[What to do]
From the very first line down to the line containing "#10=(LENGTH_UNIT() NAMED_UNIT(*) SI_UNIT(.MILLI.,.METRE.));", write out the material exactly as it appears, and no more.
─── Supplied data ───
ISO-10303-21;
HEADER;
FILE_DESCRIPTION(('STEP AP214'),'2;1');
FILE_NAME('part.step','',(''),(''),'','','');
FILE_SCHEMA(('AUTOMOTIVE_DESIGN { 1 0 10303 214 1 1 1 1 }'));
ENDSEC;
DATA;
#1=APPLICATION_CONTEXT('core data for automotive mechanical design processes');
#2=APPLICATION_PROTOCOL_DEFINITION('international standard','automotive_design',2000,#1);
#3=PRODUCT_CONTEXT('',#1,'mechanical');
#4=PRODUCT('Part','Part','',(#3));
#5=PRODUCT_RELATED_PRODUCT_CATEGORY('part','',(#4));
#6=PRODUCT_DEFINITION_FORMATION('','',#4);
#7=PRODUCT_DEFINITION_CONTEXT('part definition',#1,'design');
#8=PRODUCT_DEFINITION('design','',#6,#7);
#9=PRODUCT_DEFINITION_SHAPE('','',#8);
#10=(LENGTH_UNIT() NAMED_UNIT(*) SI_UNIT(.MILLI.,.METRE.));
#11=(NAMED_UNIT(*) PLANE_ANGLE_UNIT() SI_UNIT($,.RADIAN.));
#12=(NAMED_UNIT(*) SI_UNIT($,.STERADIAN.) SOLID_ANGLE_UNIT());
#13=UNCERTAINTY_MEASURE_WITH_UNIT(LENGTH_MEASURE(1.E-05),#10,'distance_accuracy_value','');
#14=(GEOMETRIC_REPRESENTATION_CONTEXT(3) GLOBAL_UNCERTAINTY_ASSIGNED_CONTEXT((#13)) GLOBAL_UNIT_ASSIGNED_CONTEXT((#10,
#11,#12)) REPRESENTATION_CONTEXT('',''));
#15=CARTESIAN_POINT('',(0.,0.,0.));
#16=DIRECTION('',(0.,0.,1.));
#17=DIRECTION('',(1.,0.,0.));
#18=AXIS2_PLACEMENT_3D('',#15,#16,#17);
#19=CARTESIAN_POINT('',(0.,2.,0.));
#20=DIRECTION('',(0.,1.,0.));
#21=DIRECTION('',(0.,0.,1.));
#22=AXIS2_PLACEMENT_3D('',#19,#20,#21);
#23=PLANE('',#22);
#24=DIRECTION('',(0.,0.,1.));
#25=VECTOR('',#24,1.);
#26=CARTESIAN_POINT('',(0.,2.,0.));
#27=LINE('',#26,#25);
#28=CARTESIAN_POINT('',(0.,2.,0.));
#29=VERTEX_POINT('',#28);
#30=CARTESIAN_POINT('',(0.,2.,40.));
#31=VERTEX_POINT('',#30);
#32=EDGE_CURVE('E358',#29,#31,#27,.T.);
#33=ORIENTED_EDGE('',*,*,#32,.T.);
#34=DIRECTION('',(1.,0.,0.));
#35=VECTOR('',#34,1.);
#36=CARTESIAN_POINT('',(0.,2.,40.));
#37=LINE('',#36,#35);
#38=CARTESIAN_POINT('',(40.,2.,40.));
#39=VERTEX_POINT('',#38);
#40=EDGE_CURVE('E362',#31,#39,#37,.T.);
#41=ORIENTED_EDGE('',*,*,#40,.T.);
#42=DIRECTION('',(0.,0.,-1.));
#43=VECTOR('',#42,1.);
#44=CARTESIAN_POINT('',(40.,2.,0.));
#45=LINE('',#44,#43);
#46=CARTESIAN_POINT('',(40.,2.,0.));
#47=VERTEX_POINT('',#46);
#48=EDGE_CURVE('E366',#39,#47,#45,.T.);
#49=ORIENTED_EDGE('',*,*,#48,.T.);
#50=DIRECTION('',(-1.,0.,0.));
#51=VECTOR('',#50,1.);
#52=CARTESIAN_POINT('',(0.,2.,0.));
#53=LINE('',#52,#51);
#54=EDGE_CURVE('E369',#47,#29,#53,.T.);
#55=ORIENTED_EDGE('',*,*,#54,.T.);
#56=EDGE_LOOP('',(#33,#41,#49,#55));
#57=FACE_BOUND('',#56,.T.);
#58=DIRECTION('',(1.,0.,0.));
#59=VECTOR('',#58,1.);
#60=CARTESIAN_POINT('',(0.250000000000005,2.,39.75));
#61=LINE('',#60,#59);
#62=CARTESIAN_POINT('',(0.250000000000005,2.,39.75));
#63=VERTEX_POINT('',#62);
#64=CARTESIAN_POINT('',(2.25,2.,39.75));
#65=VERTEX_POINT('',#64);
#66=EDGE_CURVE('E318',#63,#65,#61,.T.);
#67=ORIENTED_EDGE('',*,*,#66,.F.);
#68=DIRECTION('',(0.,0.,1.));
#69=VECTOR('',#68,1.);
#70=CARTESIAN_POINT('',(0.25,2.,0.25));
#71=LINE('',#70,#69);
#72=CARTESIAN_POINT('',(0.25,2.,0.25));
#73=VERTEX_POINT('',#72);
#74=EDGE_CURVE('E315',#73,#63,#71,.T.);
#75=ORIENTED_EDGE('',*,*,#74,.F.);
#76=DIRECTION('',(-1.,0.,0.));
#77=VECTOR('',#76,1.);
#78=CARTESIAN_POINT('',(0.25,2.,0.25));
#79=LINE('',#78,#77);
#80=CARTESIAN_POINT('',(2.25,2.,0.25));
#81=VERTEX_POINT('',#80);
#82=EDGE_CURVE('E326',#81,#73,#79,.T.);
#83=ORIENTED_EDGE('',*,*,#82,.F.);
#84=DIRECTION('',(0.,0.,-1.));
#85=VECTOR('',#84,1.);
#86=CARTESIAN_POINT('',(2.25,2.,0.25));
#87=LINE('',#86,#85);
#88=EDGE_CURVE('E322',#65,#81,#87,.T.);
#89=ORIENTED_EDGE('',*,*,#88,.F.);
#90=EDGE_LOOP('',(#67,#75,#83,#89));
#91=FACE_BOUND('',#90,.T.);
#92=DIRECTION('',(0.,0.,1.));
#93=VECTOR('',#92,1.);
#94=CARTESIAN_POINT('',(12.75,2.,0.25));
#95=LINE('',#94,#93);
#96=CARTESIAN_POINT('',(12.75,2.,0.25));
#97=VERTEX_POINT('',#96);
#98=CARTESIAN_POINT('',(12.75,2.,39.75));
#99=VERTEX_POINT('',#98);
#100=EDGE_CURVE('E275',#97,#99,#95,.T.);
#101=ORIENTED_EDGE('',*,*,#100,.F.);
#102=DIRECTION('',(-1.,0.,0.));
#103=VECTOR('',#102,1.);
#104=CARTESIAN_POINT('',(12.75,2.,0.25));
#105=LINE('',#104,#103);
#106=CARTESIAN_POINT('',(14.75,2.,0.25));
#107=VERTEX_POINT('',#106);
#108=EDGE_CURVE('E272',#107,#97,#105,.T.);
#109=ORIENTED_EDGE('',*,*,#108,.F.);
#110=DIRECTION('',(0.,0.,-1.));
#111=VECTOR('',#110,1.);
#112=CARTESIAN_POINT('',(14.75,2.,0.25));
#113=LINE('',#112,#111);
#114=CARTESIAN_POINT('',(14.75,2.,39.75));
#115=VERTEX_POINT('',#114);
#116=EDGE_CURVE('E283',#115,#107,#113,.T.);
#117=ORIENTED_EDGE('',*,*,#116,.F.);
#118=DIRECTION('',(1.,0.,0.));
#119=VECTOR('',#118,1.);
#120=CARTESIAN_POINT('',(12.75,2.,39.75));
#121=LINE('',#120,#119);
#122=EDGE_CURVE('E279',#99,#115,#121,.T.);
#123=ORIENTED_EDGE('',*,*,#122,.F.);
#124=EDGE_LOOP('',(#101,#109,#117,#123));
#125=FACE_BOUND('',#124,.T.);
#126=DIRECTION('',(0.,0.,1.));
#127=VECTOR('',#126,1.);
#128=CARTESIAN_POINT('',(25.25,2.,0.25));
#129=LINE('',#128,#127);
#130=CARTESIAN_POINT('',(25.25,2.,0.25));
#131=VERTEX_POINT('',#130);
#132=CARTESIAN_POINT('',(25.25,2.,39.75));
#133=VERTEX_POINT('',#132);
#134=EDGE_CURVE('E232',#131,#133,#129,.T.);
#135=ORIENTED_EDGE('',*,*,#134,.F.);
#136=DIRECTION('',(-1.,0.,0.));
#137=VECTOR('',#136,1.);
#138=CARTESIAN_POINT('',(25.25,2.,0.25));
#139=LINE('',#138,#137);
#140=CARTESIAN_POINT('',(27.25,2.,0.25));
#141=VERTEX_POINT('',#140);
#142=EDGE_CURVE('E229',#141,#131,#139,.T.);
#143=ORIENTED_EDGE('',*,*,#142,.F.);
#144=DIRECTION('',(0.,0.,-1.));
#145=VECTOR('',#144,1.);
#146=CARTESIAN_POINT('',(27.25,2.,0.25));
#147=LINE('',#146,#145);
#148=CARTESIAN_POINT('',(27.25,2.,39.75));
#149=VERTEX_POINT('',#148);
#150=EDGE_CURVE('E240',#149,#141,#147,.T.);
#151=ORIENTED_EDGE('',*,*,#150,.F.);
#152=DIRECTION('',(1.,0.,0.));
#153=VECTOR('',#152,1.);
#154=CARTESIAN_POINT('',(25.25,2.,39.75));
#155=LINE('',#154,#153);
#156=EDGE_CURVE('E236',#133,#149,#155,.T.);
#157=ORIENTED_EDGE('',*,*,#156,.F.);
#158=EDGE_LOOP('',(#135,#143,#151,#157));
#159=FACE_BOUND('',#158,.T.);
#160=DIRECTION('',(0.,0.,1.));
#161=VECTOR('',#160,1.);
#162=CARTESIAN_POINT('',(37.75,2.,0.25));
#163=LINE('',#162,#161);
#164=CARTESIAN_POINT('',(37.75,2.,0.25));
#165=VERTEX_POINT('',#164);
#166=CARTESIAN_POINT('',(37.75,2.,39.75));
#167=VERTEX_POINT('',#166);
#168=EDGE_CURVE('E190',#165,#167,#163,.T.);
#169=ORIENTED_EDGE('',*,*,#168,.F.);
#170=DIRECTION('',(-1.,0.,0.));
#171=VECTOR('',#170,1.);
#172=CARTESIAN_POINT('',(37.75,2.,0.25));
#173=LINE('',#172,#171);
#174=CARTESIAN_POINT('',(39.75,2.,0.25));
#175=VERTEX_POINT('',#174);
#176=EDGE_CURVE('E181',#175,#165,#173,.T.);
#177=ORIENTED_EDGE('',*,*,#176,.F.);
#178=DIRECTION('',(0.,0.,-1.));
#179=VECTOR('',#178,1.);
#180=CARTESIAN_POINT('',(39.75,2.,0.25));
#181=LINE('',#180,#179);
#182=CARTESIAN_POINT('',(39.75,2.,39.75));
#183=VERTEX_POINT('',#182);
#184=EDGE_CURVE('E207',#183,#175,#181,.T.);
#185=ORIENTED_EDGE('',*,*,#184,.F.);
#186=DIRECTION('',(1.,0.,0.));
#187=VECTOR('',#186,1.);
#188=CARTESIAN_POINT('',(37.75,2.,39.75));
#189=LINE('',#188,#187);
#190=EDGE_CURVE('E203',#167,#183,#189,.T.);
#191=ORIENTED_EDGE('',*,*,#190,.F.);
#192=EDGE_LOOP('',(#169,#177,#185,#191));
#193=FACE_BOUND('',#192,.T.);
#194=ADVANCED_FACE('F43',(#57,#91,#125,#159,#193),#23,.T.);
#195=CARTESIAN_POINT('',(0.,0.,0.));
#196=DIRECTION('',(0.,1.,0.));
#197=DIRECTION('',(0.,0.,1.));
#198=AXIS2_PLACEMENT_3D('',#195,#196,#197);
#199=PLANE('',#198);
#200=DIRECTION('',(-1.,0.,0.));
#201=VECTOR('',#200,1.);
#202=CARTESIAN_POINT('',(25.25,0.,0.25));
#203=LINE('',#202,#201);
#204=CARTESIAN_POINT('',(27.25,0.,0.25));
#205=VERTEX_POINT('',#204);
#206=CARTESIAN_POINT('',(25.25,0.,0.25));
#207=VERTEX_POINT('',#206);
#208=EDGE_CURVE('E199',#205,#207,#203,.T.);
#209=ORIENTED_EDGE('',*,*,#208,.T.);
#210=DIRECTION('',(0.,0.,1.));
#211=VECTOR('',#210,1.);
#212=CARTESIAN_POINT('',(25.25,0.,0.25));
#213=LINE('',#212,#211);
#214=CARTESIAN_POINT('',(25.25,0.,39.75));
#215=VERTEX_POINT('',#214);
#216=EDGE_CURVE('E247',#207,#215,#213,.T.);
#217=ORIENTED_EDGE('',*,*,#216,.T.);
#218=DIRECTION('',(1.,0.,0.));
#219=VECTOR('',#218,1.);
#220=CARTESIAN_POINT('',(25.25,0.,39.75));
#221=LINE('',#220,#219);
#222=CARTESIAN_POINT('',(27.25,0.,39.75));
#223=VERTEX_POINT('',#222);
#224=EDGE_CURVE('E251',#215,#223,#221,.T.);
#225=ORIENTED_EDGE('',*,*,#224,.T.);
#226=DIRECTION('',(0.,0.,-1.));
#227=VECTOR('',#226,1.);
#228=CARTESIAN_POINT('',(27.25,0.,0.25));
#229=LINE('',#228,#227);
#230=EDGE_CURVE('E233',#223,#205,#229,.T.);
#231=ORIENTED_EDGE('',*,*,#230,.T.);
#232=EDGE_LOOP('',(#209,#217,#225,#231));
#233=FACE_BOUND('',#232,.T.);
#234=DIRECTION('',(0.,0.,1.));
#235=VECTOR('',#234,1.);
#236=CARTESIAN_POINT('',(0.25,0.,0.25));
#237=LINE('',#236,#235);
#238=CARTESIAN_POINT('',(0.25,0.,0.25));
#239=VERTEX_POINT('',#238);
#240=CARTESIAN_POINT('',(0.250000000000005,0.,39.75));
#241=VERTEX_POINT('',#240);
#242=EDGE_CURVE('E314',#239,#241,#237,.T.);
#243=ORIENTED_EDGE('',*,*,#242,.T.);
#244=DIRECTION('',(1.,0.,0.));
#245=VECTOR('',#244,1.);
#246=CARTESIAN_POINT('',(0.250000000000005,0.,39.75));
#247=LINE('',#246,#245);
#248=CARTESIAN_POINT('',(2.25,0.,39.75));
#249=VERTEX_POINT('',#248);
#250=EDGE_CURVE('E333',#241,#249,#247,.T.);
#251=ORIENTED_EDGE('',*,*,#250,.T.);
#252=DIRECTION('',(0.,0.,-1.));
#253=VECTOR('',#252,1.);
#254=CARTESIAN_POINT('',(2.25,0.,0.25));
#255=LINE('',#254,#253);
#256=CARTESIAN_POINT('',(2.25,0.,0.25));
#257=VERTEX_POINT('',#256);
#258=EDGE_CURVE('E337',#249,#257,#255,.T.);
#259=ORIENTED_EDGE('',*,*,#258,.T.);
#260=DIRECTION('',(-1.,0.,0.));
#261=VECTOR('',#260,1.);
───
[Response to the task]
ISO-10303-21;
HEADER;
FILE_DESCRIPTION(('STEP AP214'),'2;1');
FILE_NAME('part.step','',(''),(''),'','','');
FILE_SCHEMA(('AUTOMOTIVE_DESIGN { 1 0 10303 214 1 1 1 1 }'));
ENDSEC;
DATA;
#1=APPLICATION_CONTEXT('core data for automotive mechanical design processes');
#2=APPLICATION_PROTOCOL_DEFINITION('international standard','automotive_design',2000,#1);
#3=PRODUCT_CONTEXT('',#1,'mechanical');
#4=PRODUCT('Part','Part','',(#3));
#5=PRODUCT_RELATED_PRODUCT_CATEGORY('part','',(#4));
#6=PRODUCT_DEFINITION_FORMATION('','',#4);
#7=PRODUCT_DEFINITION_CONTEXT('part definition',#1,'design');
#8=PRODUCT_DEFINITION('design','',#6,#7);
#9=PRODUCT_DEFINITION_SHAPE('','',#8);
#10=(LENGTH_UNIT() NAMED_UNIT(*) SI_UNIT(.MILLI.,.METRE.));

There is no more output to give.